> _Dataset excerpts_:
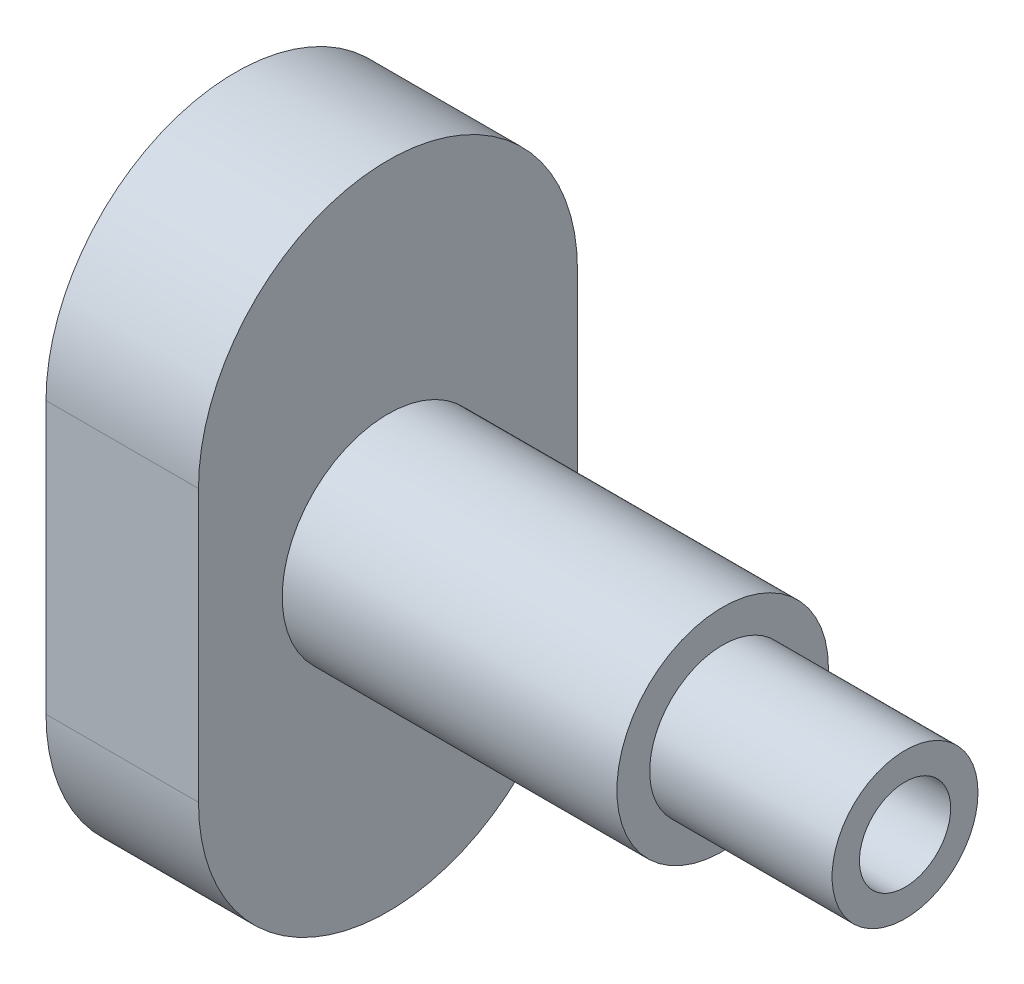
SolidWorks part; units mm, degrees
ref_plane "Front Plane" through (0, 0, 0) normal (1, 0, 0) x (0, 1, 0)
ref_plane "Top Plane" through (0, 0, 0) normal (0, 0, 1) x (0, 1, 0)
ref_plane "Right Plane" through (0, 0, 0) normal (0, 1, 0) x (-1, 0, 0)
sketch "Sketch1" plane through (0, 0, 0) normal (1, 0, 0) x (0, 1, 0)
  line L0 (-7.45, 0) -> (7.45, 0) construction
  line L1 (-7.45, 10.39) -> (7.45, 10.39)
  line L2 (-7.45, -10.39) -> (7.45, -10.39)
  arc A0 (-7.45, 10.39) -> (-7.45, -10.39) centre (-7.45, 0) ccw
  arc A1 (7.45, -10.39) -> (7.45, 10.39) centre (7.45, 0) ccw
  point P3 (0, 0)
  point P8 (0, 0)
  dimension "D2" = 14.9
  dimension "D1" = 20.78
extrude "Boss-Extrude1" add sketch "Sketch1" along normal blind 8.36
sketch "Sketch2" plane through (8.36, 0, 0) normal (1, 0, 0) x (0, 1, 0)
  circle A0 centre (0, 0) radius 5.8
  dimension "D1" = 11.6
extrude "Boss-Extrude2" add sketch "Sketch2" along normal blind 18.35
sketch "Sketch3" plane through (26.71, 0, 0) normal (1, 0, 0) x (0, 1, 0)
  circle A0 centre (0, 0) radius 4
  dimension "D1" = 8
extrude "Boss-Extrude3" add sketch "Sketch3" along normal blind 10
sketch "Sketch4" plane through (36.71, 0, 0) normal (1, 0, 0) x (0, 1, 0)
  circle A0 centre (0, 0) radius 2.5
  dimension "D1" = 5
extrude "Cut-Extrude1" cut sketch "Sketch4" against normal through all

> _WHAT NEEDS TO BE DONE_: Respond with the number of lines in the entries that include the string "Boss", and nothing besides.

> _TASK RESPONSE_: 3